Llegué antes que tú, supe que me encontraba allí en aquella amplia habitación pero nunca pensé que fuera el primero, no sabía que te esperaba a ti. Sentí que existía una gran euforia a mi alrededor pero nadie me observaba, se ocupaban de otras muchas cosas, de un montón de detalles.
La pieza era blanca y los muebles modernos. Cuando el sol entraba por la ventana lo iluminaba todo, bañaba con su calidez cada rincón y llegaba hasta mi sintiendo yo su leve calorcito. Me sentía bien en aquel lugar, el que me correspondía.
Visitas y risas era algo muy cotidiano. Ignoro cómo era la casa antes de mi llegada pero desde que hice acto de presencia la alegría era pura y totalmente verídica, siempre se mezclaba con la decoración, bonita y delicada, que iba en aumento a medida que pasaba el tiempo.
De pronto ese ir y venir se redujo, el silencio se instaló y me sentí sola en aquel lugar. Las ventanas seguían abiertas y el verano se anunció sin ningún tipo de timidez, el sol calentaba mucho más que antes. Yo allí, sin saber el por qué.

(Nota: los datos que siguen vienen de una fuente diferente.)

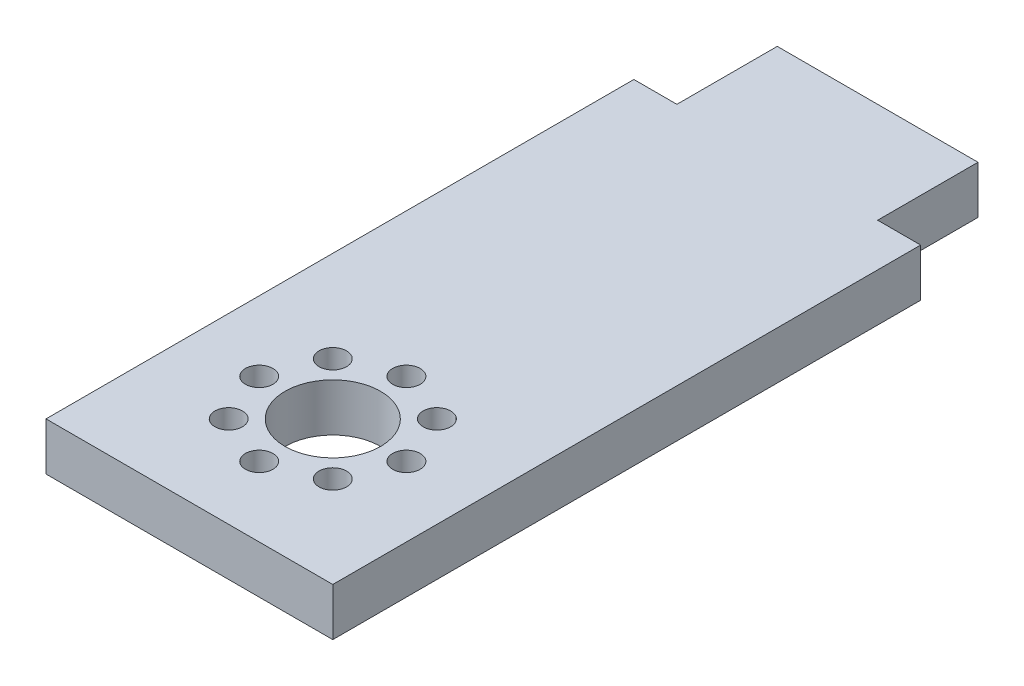
ISO-10303-21;
HEADER;
FILE_DESCRIPTION(('STEP AP214'),'2;1');
FILE_NAME('part.step','',(''),(''),'','','');
FILE_SCHEMA(('AUTOMOTIVE_DESIGN { 1 0 10303 214 1 1 1 1 }'));
ENDSEC;
DATA;
#1=APPLICATION_CONTEXT('core data for automotive mechanical design processes');
#2=APPLICATION_PROTOCOL_DEFINITION('international standard','automotive_design',2000,#1);
#3=PRODUCT_CONTEXT('',#1,'mechanical');
#4=PRODUCT('Part','Part','',(#3));
#5=PRODUCT_RELATED_PRODUCT_CATEGORY('part','',(#4));
#6=PRODUCT_DEFINITION_FORMATION('','',#4);
#7=PRODUCT_DEFINITION_CONTEXT('part definition',#1,'design');
#8=PRODUCT_DEFINITION('design','',#6,#7);
#9=PRODUCT_DEFINITION_SHAPE('','',#8);
#10=(LENGTH_UNIT() NAMED_UNIT(*) SI_UNIT(.MILLI.,.METRE.));
#11=(NAMED_UNIT(*) PLANE_ANGLE_UNIT() SI_UNIT($,.RADIAN.));
#12=(NAMED_UNIT(*) SI_UNIT($,.STERADIAN.) SOLID_ANGLE_UNIT());
#13=UNCERTAINTY_MEASURE_WITH_UNIT(LENGTH_MEASURE(1.E-05),#10,'distance_accuracy_value','');
#14=(GEOMETRIC_REPRESENTATION_CONTEXT(3) GLOBAL_UNCERTAINTY_ASSIGNED_CONTEXT((#13)) GLOBAL_UNIT_ASSIGNED_CONTEXT((#10,
#11,#12)) REPRESENTATION_CONTEXT('',''));
#15=CARTESIAN_POINT('',(0.,0.,0.));
#16=DIRECTION('',(0.,0.,1.));
#17=DIRECTION('',(1.,0.,0.));
#18=AXIS2_PLACEMENT_3D('',#15,#16,#17);
#19=CARTESIAN_POINT('',(3.03552590565576,6.35,-47.3622394100122));
#20=DIRECTION('',(0.,0.,1.));
#21=DIRECTION('',(1.,0.,0.));
#22=AXIS2_PLACEMENT_3D('',#19,#20,#21);
#23=PLANE('',#22);
#24=DIRECTION('',(-1.,0.,0.));
#25=VECTOR('',#24,1.);
#26=CARTESIAN_POINT('',(3.03552590565576,0.,-47.3622394100122));
#27=LINE('',#26,#25);
#28=CARTESIAN_POINT('',(3.03552590565576,0.,-47.3622394100122));
#29=VERTEX_POINT('',#28);
#30=CARTESIAN_POINT('',(-2.68097409434424,0.,-47.3622394100122));
#31=VERTEX_POINT('',#30);
#32=EDGE_CURVE('E199',#29,#31,#27,.T.);
#33=ORIENTED_EDGE('',*,*,#32,.T.);
#34=DIRECTION('',(0.,1.,0.));
#35=VECTOR('',#34,1.);
#36=CARTESIAN_POINT('',(-2.68097409434424,6.35,-47.3622394100122));
#37=LINE('',#36,#35);
#38=CARTESIAN_POINT('',(-2.68097409434424,6.35,-47.3622394100122));
#39=VERTEX_POINT('',#38);
#40=EDGE_CURVE('E11',#31,#39,#37,.T.);
#41=ORIENTED_EDGE('',*,*,#40,.T.);
#42=DIRECTION('',(-1.,0.,0.));
#43=VECTOR('',#42,1.);
#44=CARTESIAN_POINT('',(3.03552590565576,6.35,-47.3622394100122));
#45=LINE('',#44,#43);
#46=CARTESIAN_POINT('',(3.03552590565576,6.35,-47.3622394100122));
#47=VERTEX_POINT('',#46);
#48=EDGE_CURVE('E191',#47,#39,#45,.T.);
#49=ORIENTED_EDGE('',*,*,#48,.F.);
#50=DIRECTION('',(0.,-1.,0.));
#51=VECTOR('',#50,1.);
#52=CARTESIAN_POINT('',(3.03552590565576,6.35,-47.3622394100122));
#53=LINE('',#52,#51);
#54=EDGE_CURVE('E198',#47,#29,#53,.T.);
#55=ORIENTED_EDGE('',*,*,#54,.T.);
#56=EDGE_LOOP('',(#33,#41,#49,#55));
#57=FACE_BOUND('',#56,.T.);
#58=ADVANCED_FACE('F33',(#57),#23,.F.);
#59=CARTESIAN_POINT('',(0.,6.35,0.));
#60=DIRECTION('',(0.,1.,0.));
#61=DIRECTION('',(0.,0.,1.));
#62=AXIS2_PLACEMENT_3D('',#59,#60,#61);
#63=PLANE('',#62);
#64=ORIENTED_EDGE('',*,*,#48,.T.);
#65=DIRECTION('',(0.,0.,-1.));
#66=VECTOR('',#65,1.);
#67=CARTESIAN_POINT('',(-2.68097409434424,6.35,-60.6957394100122));
#68=LINE('',#67,#66);
#69=CARTESIAN_POINT('',(-2.68097409434424,6.35,-60.6957394100122));
#70=VERTEX_POINT('',#69);
#71=EDGE_CURVE('E131',#39,#70,#68,.T.);
#72=ORIENTED_EDGE('',*,*,#71,.T.);
#73=DIRECTION('',(-1.,0.,0.));
#74=VECTOR('',#73,1.);
#75=CARTESIAN_POINT('',(-29.3479740943442,6.35,-60.6957394100122));
#76=LINE('',#75,#74);
#77=CARTESIAN_POINT('',(-29.3479740943442,6.35,-60.6957394100122));
#78=VERTEX_POINT('',#77);
#79=EDGE_CURVE('E120',#70,#78,#76,.T.);
#80=ORIENTED_EDGE('',*,*,#79,.T.);
#81=DIRECTION('',(0.,0.,1.));
#82=VECTOR('',#81,1.);
#83=CARTESIAN_POINT('',(-29.3479740943442,6.35,-60.6957394100122));
#84=LINE('',#83,#82);
#85=CARTESIAN_POINT('',(-29.3479740943442,6.35,-47.3622394100122));
#86=VERTEX_POINT('',#85);
#87=EDGE_CURVE('E48',#78,#86,#84,.T.);
#88=ORIENTED_EDGE('',*,*,#87,.T.);
#89=CARTESIAN_POINT('',(-35.0644740943442,6.35,-47.3622394100122));
#90=VERTEX_POINT('',#89);
#91=EDGE_CURVE('E81',#86,#90,#45,.T.);
#92=ORIENTED_EDGE('',*,*,#91,.T.);
#93=DIRECTION('',(0.,0.,1.));
#94=VECTOR('',#93,1.);
#95=CARTESIAN_POINT('',(-35.0644740943442,6.35,-47.3622394100122));
#96=LINE('',#95,#94);
#97=CARTESIAN_POINT('',(-35.0644740943442,6.35,30.7367605899878));
#98=VERTEX_POINT('',#97);
#99=EDGE_CURVE('E193',#90,#98,#96,.T.);
#100=ORIENTED_EDGE('',*,*,#99,.T.);
#101=DIRECTION('',(1.,0.,0.));
#102=VECTOR('',#101,1.);
#103=CARTESIAN_POINT('',(-35.0644740943442,6.35,30.7367605899878));
#104=LINE('',#103,#102);
#105=CARTESIAN_POINT('',(3.03552590565576,6.35,30.7367605899878));
#106=VERTEX_POINT('',#105);
#107=EDGE_CURVE('E195',#98,#106,#104,.T.);
#108=ORIENTED_EDGE('',*,*,#107,.T.);
#109=DIRECTION('',(0.,0.,-1.));
#110=VECTOR('',#109,1.);
#111=CARTESIAN_POINT('',(3.03552590565576,6.35,30.7367605899878));
#112=LINE('',#111,#110);
#113=EDGE_CURVE('E56',#106,#47,#112,.T.);
#114=ORIENTED_EDGE('',*,*,#113,.T.);
#115=EDGE_LOOP('',(#64,#72,#80,#88,#92,#100,#108,#114));
#116=FACE_BOUND('',#115,.T.);
#117=CARTESIAN_POINT('',(-6.23547409434424,6.35,11.6867605899879));
#118=DIRECTION('',(0.,1.,0.));
#119=DIRECTION('',(0.,0.,1.));
#120=AXIS2_PLACEMENT_3D('',#117,#118,#119);
#121=CIRCLE('',#120,1.8288);
#122=CARTESIAN_POINT('',(-6.23547409434424,6.35,13.5155605899879));
#123=VERTEX_POINT('',#122);
#124=EDGE_CURVE('E143',#123,#123,#121,.T.);
#125=ORIENTED_EDGE('',*,*,#124,.F.);
#126=EDGE_LOOP('',(#125));
#127=FACE_BOUND('',#126,.T.);
#128=CARTESIAN_POINT('',(-16.0144740943442,6.35,1.90776058998778));
#129=DIRECTION('',(0.,1.,0.));
#130=DIRECTION('',(0.,0.,1.));
#131=AXIS2_PLACEMENT_3D('',#128,#129,#130);
#132=CIRCLE('',#131,1.8288);
#133=CARTESIAN_POINT('',(-16.0144740943442,6.35,3.73656058998778));
#134=VERTEX_POINT('',#133);
#135=EDGE_CURVE('E155',#134,#134,#132,.T.);
#136=ORIENTED_EDGE('',*,*,#135,.F.);
#137=EDGE_LOOP('',(#136));
#138=FACE_BOUND('',#137,.T.);
#139=CARTESIAN_POINT('',(-25.7934740943442,6.35,11.6867605899877));
#140=DIRECTION('',(0.,1.,0.));
#141=DIRECTION('',(0.,0.,1.));
#142=AXIS2_PLACEMENT_3D('',#139,#140,#141);
#143=CIRCLE('',#142,1.8288);
#144=CARTESIAN_POINT('',(-25.7934740943442,6.35,13.5155605899877));
#145=VERTEX_POINT('',#144);
#146=EDGE_CURVE('E167',#145,#145,#143,.T.);
#147=ORIENTED_EDGE('',*,*,#146,.F.);
#148=EDGE_LOOP('',(#147));
#149=FACE_BOUND('',#148,.T.);
#150=CARTESIAN_POINT('',(-16.0144740943442,6.35,21.4657605899878));
#151=DIRECTION('',(0.,1.,0.));
#152=DIRECTION('',(0.,0.,1.));
#153=AXIS2_PLACEMENT_3D('',#150,#151,#152);
#154=CIRCLE('',#153,1.8288);
#155=CARTESIAN_POINT('',(-16.0144740943442,6.35,23.2945605899878));
#156=VERTEX_POINT('',#155);
#157=EDGE_CURVE('E179',#156,#156,#154,.T.);
#158=ORIENTED_EDGE('',*,*,#157,.F.);
#159=EDGE_LOOP('',(#158));
#160=FACE_BOUND('',#159,.T.);
#161=CARTESIAN_POINT('',(-16.0144740943442,6.35,11.6867605899878));
#162=DIRECTION('',(0.,1.,0.));
#163=DIRECTION('',(0.,0.,1.));
#164=AXIS2_PLACEMENT_3D('',#161,#162,#163);
#165=CIRCLE('',#164,6.35);
#166=CARTESIAN_POINT('',(-16.0144740943442,6.35,18.0367605899878));
#167=VERTEX_POINT('',#166);
#168=EDGE_CURVE('E185',#167,#167,#165,.T.);
#169=ORIENTED_EDGE('',*,*,#168,.F.);
#170=EDGE_LOOP('',(#169));
#171=FACE_BOUND('',#170,.T.);
#172=CARTESIAN_POINT('',(-22.9292713075675,6.35,18.601557803211));
#173=DIRECTION('',(0.,1.,0.));
#174=DIRECTION('',(0.,0.,1.));
#175=AXIS2_PLACEMENT_3D('',#172,#173,#174);
#176=CIRCLE('',#175,1.8288);
#177=CARTESIAN_POINT('',(-22.9292713075675,6.35,20.430357803211));
#178=VERTEX_POINT('',#177);
#179=EDGE_CURVE('E173',#178,#178,#176,.T.);
#180=ORIENTED_EDGE('',*,*,#179,.F.);
#181=EDGE_LOOP('',(#180));
#182=FACE_BOUND('',#181,.T.);
#183=CARTESIAN_POINT('',(-22.9292713075675,6.35,4.77196337676449));
#184=DIRECTION('',(0.,1.,0.));
#185=DIRECTION('',(0.,0.,1.));
#186=AXIS2_PLACEMENT_3D('',#183,#184,#185);
#187=CIRCLE('',#186,1.8288);
#188=CARTESIAN_POINT('',(-22.9292713075675,6.35,6.60076337676449));
#189=VERTEX_POINT('',#188);
#190=EDGE_CURVE('E161',#189,#189,#187,.T.);
#191=ORIENTED_EDGE('',*,*,#190,.F.);
#192=EDGE_LOOP('',(#191));
#193=FACE_BOUND('',#192,.T.);
#194=CARTESIAN_POINT('',(-9.09967688112094,6.35,4.7719633767646));
#195=DIRECTION('',(0.,1.,0.));
#196=DIRECTION('',(0.,0.,1.));
#197=AXIS2_PLACEMENT_3D('',#194,#195,#196);
#198=CIRCLE('',#197,1.8288);
#199=CARTESIAN_POINT('',(-9.09967688112094,6.35,6.60076337676459));
#200=VERTEX_POINT('',#199);
#201=EDGE_CURVE('E149',#200,#200,#198,.T.);
#202=ORIENTED_EDGE('',*,*,#201,.F.);
#203=EDGE_LOOP('',(#202));
#204=FACE_BOUND('',#203,.T.);
#205=CARTESIAN_POINT('',(-9.09967688112108,6.35,18.6015578032111));
#206=DIRECTION('',(0.,1.,0.));
#207=DIRECTION('',(0.,0.,1.));
#208=AXIS2_PLACEMENT_3D('',#205,#206,#207);
#209=CIRCLE('',#208,1.8288);
#210=CARTESIAN_POINT('',(-9.09967688112108,6.35,20.4303578032111));
#211=VERTEX_POINT('',#210);
#212=EDGE_CURVE('E137',#211,#211,#209,.T.);
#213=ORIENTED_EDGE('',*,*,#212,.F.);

Una mañana las voces regresaron pero más tenue que antes, sin estallido, como un susurro que atraviesa el espacio. Después de un tiempo escuchando, sin más, la puerta de la habitación se abrió, vi que “algo” envuelto en una manta era depositado en el lecho y acto seguido, sonriendo, la mujer vino hasta mí, me tomó en sus manos y me coloco junto a ese “algo” que vi desde lejos.
Eras tú, un ser totalmente pequeño que dormía con la ternura de un ángel. Yo te contemplaba con una gran fascinación que me invadía a raudal. Eras perfecto, tan diminuto y hermoso que me emocionaba.
Yo me sentía orgullosa de estar a tu lado, me sentía tan feliz como aquella mujer que te tocaba una y otra vez y que no era otra que tu madre. Dormías con toda la paz en ti.
Fui tu amiga desde ese momento y cuando te convertiste en un niño vivaracho de cabellos rubios muy encrespados fuimos uno solo. Corrías, reías y descubrías el basto mundo. En tus andaduras me llevabas contigo, siempre estaba cerca de ti porque me agarrabas con fuerza, deseando hacerme partícipe de tus momentos. Siempre que salías de casa deseabas que yo fuera contigo, te negabas a ir si yo no estaba presente.
Me levantabas, me lanzabas por los aires, me confiabas tus secretos y “conversábamos” de muchas cosas cuando buscabas el sueño. Me contabas historias, esas que salían de tu imaginación infantil. Sabía cómo eras y lo que guardabas en tu corazón. Recuerdo las caricias que me prodigaban tus pequeñas manos, me transmitías el amor infinito y yo te miraba con devoción.
Eres mi amigo eterno porque entre los dos existirá un hilo conductor que nos lleva sin cesar a un mundo especial. Soy tu infancia, soy tu primera amiga, soy tus primeros pasos, soy la que te acompañó fielmente para luchar contra tus temores y tus inmensas alegrías de humano pequeño.
Me llamo Rusquita, es el nombre que me pusiste en cuanto empezaste a hablar. Soy esa perrita gris y blanca en peluche que, ahora, en tu adolescencia ocupa un lugar privilegiado en un mueble de tu habitación, una especie de sitio de honor. Te veo evolucionar en tu vida hacía la adultez, te admiro con tus amigos cuando vienen a estudiar o a jugar con esos artilugios de videos. Tu voz ha cambiado y hasta tienes barba lo cual me hace sonreír porque te conocí en tu cunita.
Eres mi eterno amigo mimado y a menudo me miras y me sonríes para que yo sepa que sigo en tu corazón.